• _Task to complete_
Please write out exactly the lines of the data below from the line holding "#71=AXIS2_PLACEMENT_3D('',#68,#69,#70);" through the line holding "#121=ORIENTED_EDGE('',*,*,#120,.F.);", and leave out the rest.

• _Record set_
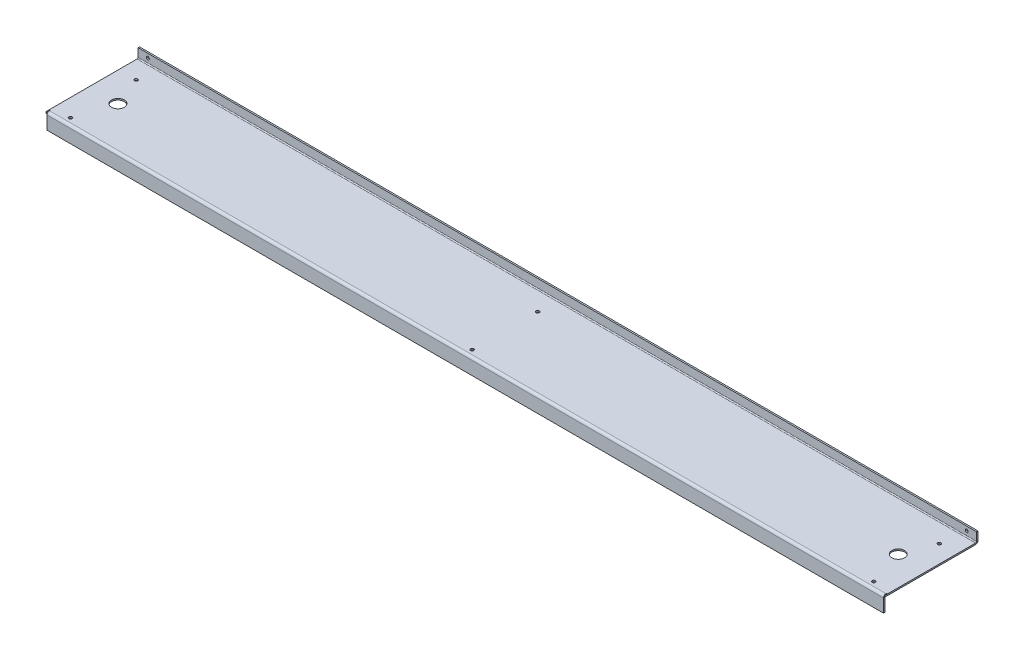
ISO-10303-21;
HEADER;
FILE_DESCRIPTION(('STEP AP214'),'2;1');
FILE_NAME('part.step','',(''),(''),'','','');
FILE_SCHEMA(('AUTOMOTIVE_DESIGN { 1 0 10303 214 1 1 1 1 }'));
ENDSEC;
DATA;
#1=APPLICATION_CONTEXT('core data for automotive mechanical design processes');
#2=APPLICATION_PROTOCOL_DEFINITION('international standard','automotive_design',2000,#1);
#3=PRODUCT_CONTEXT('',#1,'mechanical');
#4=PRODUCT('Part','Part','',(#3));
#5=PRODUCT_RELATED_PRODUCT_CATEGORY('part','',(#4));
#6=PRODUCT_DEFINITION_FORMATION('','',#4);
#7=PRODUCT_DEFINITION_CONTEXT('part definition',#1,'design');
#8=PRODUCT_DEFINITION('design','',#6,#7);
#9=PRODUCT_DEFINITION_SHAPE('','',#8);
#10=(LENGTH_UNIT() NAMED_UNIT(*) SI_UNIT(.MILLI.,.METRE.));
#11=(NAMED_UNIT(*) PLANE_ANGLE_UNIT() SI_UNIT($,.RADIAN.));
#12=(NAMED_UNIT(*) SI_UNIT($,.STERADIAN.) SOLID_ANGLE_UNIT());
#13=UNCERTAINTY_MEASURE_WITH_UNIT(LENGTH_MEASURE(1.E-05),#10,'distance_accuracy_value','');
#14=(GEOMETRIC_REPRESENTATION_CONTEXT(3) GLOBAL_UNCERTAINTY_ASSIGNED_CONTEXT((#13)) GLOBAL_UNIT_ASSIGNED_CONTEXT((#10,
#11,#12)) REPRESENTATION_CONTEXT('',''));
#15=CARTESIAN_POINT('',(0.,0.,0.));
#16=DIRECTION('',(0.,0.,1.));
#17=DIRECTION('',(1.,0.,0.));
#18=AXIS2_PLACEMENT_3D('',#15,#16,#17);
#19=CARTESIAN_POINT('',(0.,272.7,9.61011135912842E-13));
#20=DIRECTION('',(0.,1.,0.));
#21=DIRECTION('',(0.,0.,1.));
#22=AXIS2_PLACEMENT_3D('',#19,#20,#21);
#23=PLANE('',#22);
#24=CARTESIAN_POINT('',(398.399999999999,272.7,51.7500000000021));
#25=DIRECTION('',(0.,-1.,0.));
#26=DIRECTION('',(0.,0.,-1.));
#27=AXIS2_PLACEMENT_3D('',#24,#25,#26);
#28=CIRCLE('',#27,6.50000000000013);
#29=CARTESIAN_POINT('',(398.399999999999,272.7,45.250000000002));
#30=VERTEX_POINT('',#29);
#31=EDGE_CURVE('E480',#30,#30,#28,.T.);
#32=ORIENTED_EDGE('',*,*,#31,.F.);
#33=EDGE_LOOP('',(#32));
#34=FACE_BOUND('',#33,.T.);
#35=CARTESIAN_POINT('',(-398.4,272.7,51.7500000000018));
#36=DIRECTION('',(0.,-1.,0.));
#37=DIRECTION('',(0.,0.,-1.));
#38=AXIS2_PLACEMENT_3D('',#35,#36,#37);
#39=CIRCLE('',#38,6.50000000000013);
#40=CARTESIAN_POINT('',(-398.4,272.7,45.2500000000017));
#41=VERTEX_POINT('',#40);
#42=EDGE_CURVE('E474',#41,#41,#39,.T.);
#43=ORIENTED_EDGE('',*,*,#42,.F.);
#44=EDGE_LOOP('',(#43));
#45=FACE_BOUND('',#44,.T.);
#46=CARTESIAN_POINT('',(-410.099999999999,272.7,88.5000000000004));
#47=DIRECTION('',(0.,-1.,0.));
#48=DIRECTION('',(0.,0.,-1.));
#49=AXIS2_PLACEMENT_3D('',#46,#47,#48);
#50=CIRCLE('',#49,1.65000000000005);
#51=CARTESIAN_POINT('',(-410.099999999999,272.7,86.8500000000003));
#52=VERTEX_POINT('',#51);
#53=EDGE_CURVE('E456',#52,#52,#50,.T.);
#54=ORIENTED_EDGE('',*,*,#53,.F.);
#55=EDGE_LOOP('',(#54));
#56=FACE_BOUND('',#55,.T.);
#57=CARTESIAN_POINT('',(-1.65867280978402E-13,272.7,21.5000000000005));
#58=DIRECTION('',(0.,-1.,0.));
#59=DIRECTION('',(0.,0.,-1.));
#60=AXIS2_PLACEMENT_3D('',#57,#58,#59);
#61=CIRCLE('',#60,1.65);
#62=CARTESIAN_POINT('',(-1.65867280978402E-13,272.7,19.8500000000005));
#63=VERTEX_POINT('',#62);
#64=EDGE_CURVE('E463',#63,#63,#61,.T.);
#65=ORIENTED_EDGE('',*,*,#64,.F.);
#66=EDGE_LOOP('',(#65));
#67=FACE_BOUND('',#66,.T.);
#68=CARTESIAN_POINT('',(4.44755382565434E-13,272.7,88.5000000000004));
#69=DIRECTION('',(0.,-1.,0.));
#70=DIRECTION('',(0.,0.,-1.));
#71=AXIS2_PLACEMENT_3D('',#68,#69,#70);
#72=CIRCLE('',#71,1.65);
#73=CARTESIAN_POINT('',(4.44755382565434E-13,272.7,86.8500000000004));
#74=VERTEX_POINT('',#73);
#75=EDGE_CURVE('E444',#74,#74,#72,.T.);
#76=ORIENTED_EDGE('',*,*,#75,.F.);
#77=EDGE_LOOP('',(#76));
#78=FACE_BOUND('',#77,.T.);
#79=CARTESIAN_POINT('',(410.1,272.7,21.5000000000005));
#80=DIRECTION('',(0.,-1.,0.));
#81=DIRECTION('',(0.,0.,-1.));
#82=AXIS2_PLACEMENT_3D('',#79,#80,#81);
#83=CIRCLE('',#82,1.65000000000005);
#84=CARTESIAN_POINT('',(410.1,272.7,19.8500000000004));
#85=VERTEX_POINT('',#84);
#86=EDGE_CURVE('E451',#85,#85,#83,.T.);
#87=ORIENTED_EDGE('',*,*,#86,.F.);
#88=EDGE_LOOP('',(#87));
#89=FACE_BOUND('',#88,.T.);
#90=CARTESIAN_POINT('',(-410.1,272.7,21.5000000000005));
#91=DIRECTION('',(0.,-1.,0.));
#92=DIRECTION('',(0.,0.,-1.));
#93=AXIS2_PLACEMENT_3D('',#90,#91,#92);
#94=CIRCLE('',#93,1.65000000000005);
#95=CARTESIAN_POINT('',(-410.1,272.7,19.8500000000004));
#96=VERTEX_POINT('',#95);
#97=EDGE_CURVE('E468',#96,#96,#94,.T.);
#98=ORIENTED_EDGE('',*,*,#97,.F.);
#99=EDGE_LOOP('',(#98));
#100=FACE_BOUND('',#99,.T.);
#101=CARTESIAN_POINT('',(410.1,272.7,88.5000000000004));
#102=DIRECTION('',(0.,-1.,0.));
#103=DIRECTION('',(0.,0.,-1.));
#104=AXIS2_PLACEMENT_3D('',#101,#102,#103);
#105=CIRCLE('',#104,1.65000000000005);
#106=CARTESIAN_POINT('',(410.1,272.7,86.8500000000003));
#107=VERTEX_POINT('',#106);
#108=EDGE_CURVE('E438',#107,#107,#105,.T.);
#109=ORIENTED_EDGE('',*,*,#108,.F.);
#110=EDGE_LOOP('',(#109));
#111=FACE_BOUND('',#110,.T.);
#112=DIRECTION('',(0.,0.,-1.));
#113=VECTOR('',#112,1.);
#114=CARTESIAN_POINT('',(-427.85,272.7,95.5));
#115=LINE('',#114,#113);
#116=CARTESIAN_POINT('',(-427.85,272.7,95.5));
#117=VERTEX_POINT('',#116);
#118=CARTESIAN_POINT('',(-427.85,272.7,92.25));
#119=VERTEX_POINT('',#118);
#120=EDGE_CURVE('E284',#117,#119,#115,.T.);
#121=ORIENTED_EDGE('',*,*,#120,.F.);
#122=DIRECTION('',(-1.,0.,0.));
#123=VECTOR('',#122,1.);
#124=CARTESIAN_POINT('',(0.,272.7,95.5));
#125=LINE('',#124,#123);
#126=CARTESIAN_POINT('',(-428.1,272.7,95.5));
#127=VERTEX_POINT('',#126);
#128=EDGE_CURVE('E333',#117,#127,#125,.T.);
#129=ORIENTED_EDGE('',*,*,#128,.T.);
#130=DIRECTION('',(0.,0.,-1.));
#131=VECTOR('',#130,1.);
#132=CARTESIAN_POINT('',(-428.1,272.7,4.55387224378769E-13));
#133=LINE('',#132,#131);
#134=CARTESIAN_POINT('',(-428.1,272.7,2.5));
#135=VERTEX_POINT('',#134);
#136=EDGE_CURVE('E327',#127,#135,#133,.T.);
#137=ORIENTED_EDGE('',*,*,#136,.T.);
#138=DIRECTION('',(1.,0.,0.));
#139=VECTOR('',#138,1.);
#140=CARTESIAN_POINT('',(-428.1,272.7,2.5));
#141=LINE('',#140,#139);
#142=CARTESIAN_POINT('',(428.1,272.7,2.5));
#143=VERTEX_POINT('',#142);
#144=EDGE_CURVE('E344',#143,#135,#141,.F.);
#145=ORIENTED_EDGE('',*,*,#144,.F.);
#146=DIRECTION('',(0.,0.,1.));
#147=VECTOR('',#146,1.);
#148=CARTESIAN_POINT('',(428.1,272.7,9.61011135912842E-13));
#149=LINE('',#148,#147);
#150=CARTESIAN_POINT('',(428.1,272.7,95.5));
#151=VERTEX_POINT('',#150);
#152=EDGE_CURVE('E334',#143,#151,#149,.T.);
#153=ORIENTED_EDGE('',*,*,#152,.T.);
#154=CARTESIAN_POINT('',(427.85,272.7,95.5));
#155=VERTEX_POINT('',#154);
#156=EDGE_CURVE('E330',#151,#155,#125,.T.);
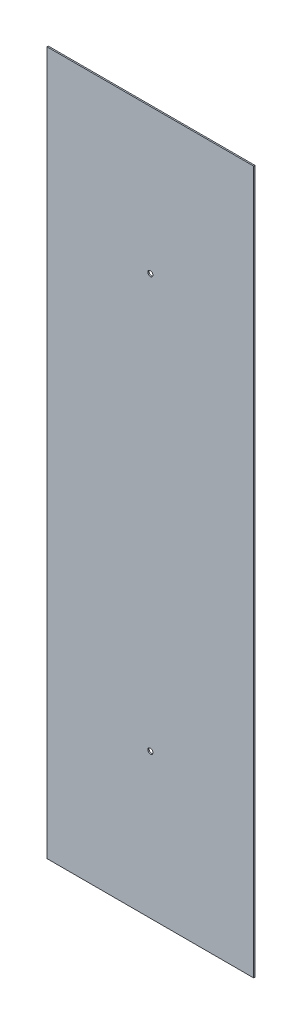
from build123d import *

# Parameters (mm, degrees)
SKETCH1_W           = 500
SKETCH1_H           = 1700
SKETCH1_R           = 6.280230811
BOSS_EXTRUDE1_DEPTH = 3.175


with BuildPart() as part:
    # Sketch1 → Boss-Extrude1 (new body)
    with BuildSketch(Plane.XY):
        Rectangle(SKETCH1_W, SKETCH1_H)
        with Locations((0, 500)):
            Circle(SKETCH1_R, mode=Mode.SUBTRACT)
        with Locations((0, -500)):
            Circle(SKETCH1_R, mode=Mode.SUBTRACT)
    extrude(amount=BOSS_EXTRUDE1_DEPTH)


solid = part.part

• _Answer to this task_
#71=AXIS2_PLACEMENT_3D('',#68,#69,#70);
#72=CIRCLE('',#71,1.65);
#73=CARTESIAN_POINT('',(4.44755382565434E-13,272.7,86.8500000000004));
#74=VERTEX_POINT('',#73);
#75=EDGE_CURVE('E444',#74,#74,#72,.T.);
#76=ORIENTED_EDGE('',*,*,#75,.F.);
#77=EDGE_LOOP('',(#76));
#78=FACE_BOUND('',#77,.T.);
#79=CARTESIAN_POINT('',(410.1,272.7,21.5000000000005));
#80=DIRECTION('',(0.,-1.,0.));
#81=DIRECTION('',(0.,0.,-1.));
#82=AXIS2_PLACEMENT_3D('',#79,#80,#81);
#83=CIRCLE('',#82,1.65000000000005);
#84=CARTESIAN_POINT('',(410.1,272.7,19.8500000000004));
#85=VERTEX_POINT('',#84);
#86=EDGE_CURVE('E451',#85,#85,#83,.T.);
#87=ORIENTED_EDGE('',*,*,#86,.F.);
#88=EDGE_LOOP('',(#87));
#89=FACE_BOUND('',#88,.T.);
#90=CARTESIAN_POINT('',(-410.1,272.7,21.5000000000005));
#91=DIRECTION('',(0.,-1.,0.));
#92=DIRECTION('',(0.,0.,-1.));
#93=AXIS2_PLACEMENT_3D('',#90,#91,#92);
#94=CIRCLE('',#93,1.65000000000005);
#95=CARTESIAN_POINT('',(-410.1,272.7,19.8500000000004));
#96=VERTEX_POINT('',#95);
#97=EDGE_CURVE('E468',#96,#96,#94,.T.);
#98=ORIENTED_EDGE('',*,*,#97,.F.);
#99=EDGE_LOOP('',(#98));
#100=FACE_BOUND('',#99,.T.);
#101=CARTESIAN_POINT('',(410.1,272.7,88.5000000000004));
#102=DIRECTION('',(0.,-1.,0.));
#103=DIRECTION('',(0.,0.,-1.));
#104=AXIS2_PLACEMENT_3D('',#101,#102,#103);
#105=CIRCLE('',#104,1.65000000000005);
#106=CARTESIAN_POINT('',(410.1,272.7,86.8500000000003));
#107=VERTEX_POINT('',#106);
#108=EDGE_CURVE('E438',#107,#107,#105,.T.);
#109=ORIENTED_EDGE('',*,*,#108,.F.);
#110=EDGE_LOOP('',(#109));
#111=FACE_BOUND('',#110,.T.);
#112=DIRECTION('',(0.,0.,-1.));
#113=VECTOR('',#112,1.);
#114=CARTESIAN_POINT('',(-427.85,272.7,95.5));
#115=LINE('',#114,#113);
#116=CARTESIAN_POINT('',(-427.85,272.7,95.5));
#117=VERTEX_POINT('',#116);
#118=CARTESIAN_POINT('',(-427.85,272.7,92.25));
#119=VERTEX_POINT('',#118);
#120=EDGE_CURVE('E284',#117,#119,#115,.T.);
#121=ORIENTED_EDGE('',*,*,#120,.F.);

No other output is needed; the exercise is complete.